For the entries below, the result should be an exact transcription of the lines from the one with "line L17 (-295.275, 2301.875)" up to and including the one with "line L19 (-2454.275, 2136.775)", and only those.

[Records excerpted from a collection]

┌────────

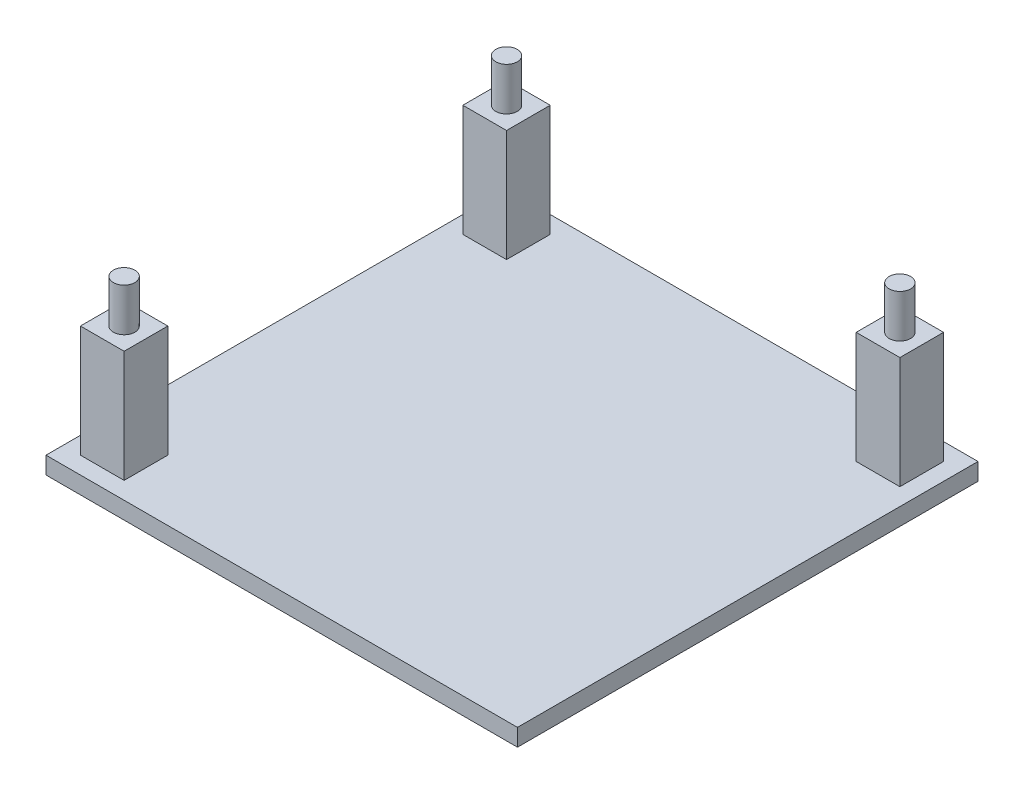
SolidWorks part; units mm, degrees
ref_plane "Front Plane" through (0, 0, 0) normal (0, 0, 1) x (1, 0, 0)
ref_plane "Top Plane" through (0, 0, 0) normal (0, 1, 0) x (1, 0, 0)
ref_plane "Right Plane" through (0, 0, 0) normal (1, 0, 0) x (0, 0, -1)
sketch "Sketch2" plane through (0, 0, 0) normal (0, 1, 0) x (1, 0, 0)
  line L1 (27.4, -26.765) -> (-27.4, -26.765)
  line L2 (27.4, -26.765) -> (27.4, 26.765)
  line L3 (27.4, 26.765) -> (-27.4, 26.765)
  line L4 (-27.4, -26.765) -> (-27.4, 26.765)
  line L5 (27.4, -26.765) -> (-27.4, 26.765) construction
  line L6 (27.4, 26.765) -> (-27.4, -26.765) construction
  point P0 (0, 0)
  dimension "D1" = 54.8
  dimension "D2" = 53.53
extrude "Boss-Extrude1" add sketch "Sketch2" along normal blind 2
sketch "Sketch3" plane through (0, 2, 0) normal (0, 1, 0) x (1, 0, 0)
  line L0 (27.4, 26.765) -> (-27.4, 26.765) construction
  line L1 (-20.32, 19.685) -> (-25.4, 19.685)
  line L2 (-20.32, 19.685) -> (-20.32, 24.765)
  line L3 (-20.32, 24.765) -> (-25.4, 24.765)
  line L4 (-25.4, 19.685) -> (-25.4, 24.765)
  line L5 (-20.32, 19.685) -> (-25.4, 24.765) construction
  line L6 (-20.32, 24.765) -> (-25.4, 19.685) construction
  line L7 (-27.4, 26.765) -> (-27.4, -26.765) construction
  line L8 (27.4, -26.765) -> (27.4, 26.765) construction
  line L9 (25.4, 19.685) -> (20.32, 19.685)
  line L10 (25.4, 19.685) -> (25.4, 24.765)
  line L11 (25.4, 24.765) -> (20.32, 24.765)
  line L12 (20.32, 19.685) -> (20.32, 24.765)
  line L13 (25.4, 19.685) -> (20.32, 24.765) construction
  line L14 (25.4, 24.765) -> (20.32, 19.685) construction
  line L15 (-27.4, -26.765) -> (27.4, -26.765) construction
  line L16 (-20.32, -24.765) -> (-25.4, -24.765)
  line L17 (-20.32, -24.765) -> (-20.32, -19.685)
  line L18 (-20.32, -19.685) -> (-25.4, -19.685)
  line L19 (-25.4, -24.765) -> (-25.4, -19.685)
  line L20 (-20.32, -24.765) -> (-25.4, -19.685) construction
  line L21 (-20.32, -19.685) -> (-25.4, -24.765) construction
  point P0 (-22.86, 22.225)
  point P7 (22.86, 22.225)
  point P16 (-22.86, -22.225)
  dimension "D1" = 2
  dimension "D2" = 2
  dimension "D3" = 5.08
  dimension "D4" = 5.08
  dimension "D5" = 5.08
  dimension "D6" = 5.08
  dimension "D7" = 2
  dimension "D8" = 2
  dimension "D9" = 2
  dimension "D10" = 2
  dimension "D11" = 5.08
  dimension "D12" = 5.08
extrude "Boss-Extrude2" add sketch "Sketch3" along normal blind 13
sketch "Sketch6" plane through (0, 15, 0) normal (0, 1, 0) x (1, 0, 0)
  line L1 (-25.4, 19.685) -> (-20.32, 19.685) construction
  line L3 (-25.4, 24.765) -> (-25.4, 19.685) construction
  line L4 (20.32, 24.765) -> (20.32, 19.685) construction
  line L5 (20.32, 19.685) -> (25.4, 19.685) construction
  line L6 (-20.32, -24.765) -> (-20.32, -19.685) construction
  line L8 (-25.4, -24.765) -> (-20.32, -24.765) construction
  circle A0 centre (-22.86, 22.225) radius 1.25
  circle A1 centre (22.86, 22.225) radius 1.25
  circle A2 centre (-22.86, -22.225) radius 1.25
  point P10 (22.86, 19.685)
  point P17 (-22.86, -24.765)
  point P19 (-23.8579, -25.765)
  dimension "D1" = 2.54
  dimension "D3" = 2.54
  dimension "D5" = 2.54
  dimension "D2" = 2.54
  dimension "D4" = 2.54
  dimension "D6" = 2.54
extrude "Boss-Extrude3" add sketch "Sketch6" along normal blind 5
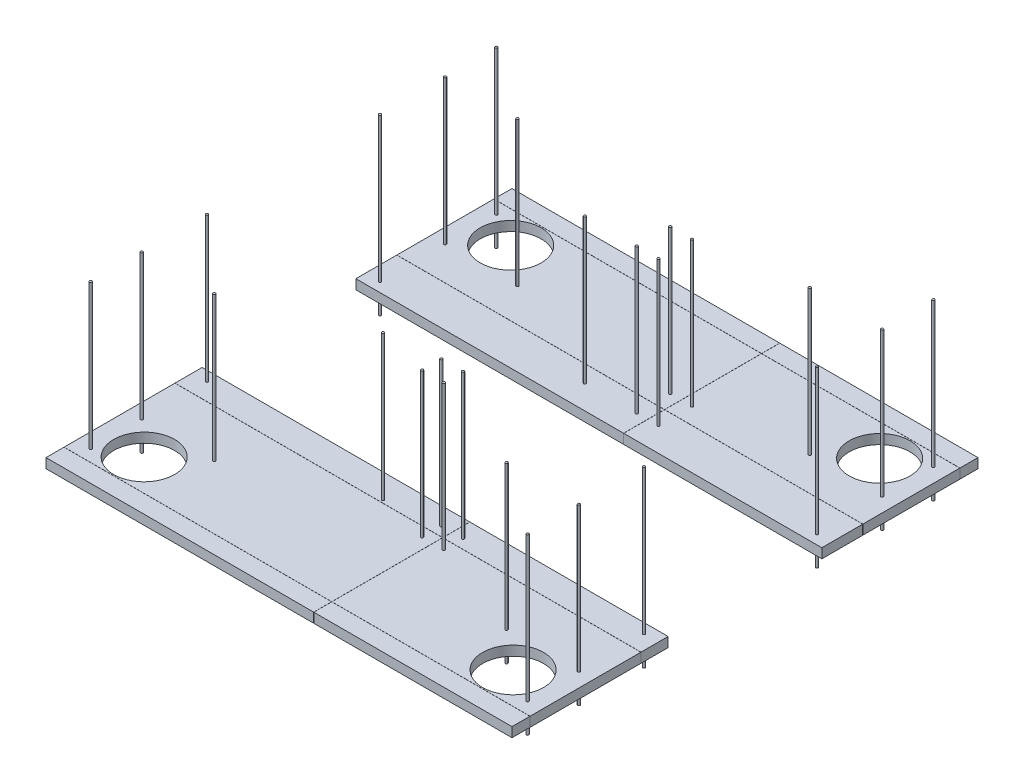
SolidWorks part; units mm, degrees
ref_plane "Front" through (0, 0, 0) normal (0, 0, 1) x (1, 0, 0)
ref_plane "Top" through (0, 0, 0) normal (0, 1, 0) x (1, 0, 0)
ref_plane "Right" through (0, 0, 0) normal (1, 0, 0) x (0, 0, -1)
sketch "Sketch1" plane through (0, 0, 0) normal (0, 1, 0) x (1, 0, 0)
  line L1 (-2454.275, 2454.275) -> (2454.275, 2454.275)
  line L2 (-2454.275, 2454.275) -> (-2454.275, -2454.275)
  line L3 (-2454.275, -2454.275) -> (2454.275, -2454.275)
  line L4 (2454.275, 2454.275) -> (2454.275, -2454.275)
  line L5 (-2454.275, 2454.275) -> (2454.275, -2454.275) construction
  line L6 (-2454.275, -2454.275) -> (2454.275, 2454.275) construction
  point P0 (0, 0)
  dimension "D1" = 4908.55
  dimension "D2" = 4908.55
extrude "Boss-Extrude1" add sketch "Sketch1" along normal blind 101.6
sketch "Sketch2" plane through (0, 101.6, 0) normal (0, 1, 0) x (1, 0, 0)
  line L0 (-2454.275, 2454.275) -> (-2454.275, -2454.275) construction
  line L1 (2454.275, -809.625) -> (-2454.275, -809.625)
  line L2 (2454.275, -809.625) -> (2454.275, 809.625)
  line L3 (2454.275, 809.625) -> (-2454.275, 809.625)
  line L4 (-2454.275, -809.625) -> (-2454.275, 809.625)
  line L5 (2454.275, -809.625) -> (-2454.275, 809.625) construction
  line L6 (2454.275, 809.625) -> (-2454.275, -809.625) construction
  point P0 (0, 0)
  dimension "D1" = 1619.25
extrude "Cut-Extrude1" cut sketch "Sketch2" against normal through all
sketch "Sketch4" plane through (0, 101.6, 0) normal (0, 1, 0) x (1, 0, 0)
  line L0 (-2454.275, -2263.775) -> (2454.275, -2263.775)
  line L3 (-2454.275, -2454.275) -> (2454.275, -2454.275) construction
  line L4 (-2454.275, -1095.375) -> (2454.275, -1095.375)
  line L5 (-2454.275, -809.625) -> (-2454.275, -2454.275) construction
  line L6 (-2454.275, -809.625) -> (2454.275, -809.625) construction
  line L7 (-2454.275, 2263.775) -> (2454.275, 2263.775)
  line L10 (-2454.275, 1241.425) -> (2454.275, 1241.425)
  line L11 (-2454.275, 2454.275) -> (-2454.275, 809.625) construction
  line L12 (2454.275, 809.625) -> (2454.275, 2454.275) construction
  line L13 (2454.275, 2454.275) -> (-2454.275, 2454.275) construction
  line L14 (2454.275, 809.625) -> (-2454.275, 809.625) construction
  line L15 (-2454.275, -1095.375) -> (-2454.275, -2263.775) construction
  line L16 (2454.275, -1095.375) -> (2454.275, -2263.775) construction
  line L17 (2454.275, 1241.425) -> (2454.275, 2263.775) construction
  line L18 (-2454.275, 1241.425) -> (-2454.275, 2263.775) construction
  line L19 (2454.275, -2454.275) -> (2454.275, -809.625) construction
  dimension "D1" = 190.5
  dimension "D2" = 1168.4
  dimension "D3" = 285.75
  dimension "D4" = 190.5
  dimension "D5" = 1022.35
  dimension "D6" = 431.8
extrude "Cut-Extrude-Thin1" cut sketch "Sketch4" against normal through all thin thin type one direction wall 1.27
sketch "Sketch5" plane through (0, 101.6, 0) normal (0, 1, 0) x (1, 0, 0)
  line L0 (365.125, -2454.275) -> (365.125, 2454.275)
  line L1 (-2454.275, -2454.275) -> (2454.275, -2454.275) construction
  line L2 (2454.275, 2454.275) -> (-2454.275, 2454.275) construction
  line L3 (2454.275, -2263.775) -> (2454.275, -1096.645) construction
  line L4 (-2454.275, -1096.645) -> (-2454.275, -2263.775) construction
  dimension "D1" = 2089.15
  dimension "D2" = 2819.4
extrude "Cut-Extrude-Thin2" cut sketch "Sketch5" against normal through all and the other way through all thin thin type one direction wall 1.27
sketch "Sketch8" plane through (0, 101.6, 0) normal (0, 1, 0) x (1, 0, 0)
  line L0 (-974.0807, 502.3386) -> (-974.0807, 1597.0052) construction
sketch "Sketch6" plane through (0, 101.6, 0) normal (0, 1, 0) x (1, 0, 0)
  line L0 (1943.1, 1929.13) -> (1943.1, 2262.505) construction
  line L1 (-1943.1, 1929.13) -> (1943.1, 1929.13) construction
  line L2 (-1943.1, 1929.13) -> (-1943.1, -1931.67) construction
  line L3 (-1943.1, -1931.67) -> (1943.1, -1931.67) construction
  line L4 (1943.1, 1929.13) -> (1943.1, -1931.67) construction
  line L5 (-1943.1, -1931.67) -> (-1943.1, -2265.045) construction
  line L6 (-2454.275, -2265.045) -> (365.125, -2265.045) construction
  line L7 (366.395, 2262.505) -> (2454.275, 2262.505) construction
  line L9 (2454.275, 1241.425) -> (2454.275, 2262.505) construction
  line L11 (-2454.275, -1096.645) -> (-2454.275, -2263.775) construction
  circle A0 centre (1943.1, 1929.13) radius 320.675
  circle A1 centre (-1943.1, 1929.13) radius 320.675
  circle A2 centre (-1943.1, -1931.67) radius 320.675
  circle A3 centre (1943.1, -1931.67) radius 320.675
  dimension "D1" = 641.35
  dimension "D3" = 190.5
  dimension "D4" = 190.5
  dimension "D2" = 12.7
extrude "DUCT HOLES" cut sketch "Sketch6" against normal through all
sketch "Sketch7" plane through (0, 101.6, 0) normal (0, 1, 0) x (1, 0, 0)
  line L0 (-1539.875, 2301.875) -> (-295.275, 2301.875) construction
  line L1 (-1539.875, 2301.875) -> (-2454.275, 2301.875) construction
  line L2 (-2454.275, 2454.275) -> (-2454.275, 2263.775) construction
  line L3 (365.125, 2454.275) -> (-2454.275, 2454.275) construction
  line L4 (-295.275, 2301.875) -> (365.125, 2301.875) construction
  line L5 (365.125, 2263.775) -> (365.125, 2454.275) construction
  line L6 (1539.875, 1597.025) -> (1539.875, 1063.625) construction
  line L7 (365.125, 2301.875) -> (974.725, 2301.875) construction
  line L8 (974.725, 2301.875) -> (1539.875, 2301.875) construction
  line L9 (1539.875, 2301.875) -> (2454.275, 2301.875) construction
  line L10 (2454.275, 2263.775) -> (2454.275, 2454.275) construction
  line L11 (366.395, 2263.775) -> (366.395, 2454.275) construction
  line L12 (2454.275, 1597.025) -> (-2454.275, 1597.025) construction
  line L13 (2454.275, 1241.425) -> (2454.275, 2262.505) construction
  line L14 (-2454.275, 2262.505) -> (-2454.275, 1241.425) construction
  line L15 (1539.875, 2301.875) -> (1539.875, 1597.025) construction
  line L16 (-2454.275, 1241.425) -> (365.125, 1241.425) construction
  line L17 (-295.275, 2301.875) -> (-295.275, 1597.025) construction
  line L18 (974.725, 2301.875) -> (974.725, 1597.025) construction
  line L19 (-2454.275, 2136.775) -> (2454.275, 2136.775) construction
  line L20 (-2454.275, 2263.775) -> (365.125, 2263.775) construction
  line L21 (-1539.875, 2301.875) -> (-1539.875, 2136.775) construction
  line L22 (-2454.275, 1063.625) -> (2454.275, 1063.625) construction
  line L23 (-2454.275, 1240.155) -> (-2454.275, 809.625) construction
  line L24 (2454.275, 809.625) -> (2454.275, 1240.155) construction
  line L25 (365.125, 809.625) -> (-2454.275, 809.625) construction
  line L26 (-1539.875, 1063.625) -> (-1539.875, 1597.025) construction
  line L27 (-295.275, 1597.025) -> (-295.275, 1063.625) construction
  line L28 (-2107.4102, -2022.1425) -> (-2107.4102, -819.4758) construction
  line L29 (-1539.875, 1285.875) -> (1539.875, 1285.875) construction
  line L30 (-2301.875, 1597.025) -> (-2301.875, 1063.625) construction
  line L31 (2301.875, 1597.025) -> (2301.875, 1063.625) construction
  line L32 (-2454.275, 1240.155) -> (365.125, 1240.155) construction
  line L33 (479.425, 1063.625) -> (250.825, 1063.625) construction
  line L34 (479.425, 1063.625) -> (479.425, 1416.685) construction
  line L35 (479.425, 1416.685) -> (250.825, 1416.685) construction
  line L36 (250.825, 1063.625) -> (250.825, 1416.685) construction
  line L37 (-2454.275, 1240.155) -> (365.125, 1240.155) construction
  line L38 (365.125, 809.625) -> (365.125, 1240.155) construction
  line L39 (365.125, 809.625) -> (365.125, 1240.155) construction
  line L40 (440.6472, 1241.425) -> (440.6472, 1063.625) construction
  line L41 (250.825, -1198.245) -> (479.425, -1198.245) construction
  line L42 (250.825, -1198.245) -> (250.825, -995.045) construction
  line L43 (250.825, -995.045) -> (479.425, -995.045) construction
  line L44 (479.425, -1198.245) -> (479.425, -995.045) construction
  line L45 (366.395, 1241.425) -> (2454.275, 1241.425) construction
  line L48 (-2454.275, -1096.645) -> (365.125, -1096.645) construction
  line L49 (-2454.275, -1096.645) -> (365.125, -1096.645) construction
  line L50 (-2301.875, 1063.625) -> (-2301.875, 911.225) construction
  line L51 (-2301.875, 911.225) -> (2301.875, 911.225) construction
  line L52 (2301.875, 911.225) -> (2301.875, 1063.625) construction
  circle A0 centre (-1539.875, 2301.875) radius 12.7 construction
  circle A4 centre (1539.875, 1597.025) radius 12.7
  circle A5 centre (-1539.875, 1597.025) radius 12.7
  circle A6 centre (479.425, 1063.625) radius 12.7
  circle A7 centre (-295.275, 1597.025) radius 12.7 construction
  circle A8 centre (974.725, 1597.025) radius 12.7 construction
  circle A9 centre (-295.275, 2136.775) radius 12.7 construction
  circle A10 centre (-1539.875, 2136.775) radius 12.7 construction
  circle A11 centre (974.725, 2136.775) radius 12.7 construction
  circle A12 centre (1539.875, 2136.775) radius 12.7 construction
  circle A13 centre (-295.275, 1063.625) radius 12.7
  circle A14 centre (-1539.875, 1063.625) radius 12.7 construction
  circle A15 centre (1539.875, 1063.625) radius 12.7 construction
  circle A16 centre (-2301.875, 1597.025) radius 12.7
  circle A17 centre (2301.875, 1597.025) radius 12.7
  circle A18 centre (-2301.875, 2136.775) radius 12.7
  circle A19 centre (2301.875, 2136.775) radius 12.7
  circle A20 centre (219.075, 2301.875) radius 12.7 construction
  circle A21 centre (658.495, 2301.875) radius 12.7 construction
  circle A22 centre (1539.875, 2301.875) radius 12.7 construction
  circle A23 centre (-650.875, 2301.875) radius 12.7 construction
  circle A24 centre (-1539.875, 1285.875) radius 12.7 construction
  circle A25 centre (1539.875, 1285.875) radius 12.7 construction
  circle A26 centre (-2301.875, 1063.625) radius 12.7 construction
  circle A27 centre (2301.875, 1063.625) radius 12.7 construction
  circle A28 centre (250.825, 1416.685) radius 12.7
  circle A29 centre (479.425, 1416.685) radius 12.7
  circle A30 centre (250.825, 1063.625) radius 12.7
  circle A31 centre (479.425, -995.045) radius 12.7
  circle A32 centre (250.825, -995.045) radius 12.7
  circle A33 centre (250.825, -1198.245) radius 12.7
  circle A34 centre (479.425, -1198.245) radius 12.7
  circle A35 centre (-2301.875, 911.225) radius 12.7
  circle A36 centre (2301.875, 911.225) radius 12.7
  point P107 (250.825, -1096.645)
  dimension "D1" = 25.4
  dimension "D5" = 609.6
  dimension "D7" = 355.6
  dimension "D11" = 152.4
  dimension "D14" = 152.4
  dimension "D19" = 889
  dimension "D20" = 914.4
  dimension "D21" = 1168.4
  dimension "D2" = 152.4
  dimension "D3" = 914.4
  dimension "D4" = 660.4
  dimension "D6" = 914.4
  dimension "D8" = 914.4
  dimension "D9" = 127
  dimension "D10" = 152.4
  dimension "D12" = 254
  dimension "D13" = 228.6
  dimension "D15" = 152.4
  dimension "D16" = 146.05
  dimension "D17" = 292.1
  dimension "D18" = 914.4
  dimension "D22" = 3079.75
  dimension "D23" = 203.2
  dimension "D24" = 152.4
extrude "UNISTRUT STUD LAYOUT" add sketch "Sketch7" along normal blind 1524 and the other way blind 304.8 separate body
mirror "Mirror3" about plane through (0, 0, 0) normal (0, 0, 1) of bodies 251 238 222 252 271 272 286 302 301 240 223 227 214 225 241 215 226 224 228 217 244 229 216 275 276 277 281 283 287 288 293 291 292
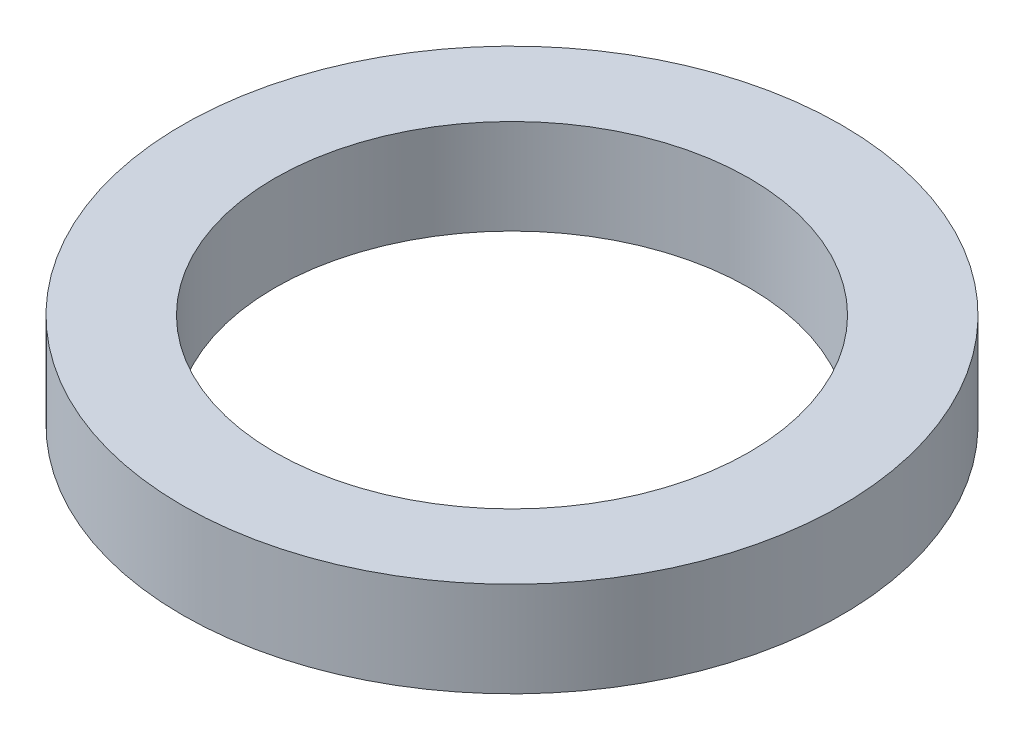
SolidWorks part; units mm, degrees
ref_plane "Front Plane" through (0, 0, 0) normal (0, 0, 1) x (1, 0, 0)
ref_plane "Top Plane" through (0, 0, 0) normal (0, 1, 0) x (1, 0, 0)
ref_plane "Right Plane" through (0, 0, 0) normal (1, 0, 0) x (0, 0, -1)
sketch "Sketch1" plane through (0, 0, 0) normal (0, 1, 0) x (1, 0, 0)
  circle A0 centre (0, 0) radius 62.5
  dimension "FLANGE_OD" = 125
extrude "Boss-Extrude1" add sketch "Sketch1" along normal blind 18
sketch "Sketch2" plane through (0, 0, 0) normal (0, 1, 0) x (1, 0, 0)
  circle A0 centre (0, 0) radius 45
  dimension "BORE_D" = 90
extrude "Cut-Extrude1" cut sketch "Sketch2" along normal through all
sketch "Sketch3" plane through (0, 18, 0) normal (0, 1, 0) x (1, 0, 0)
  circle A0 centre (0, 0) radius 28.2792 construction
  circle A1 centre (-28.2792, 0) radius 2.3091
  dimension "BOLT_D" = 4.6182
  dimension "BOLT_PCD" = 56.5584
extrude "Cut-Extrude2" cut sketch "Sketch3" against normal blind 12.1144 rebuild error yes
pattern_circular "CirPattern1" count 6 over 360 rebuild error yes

└────────

◆ **Task result**:
  line L17 (-295.275, 2301.875) -> (-295.275, 1597.025) construction
  line L18 (974.725, 2301.875) -> (974.725, 1597.025) construction
  line L19 (-2454.275, 2136.775) -> (2454.275, 2136.775) construction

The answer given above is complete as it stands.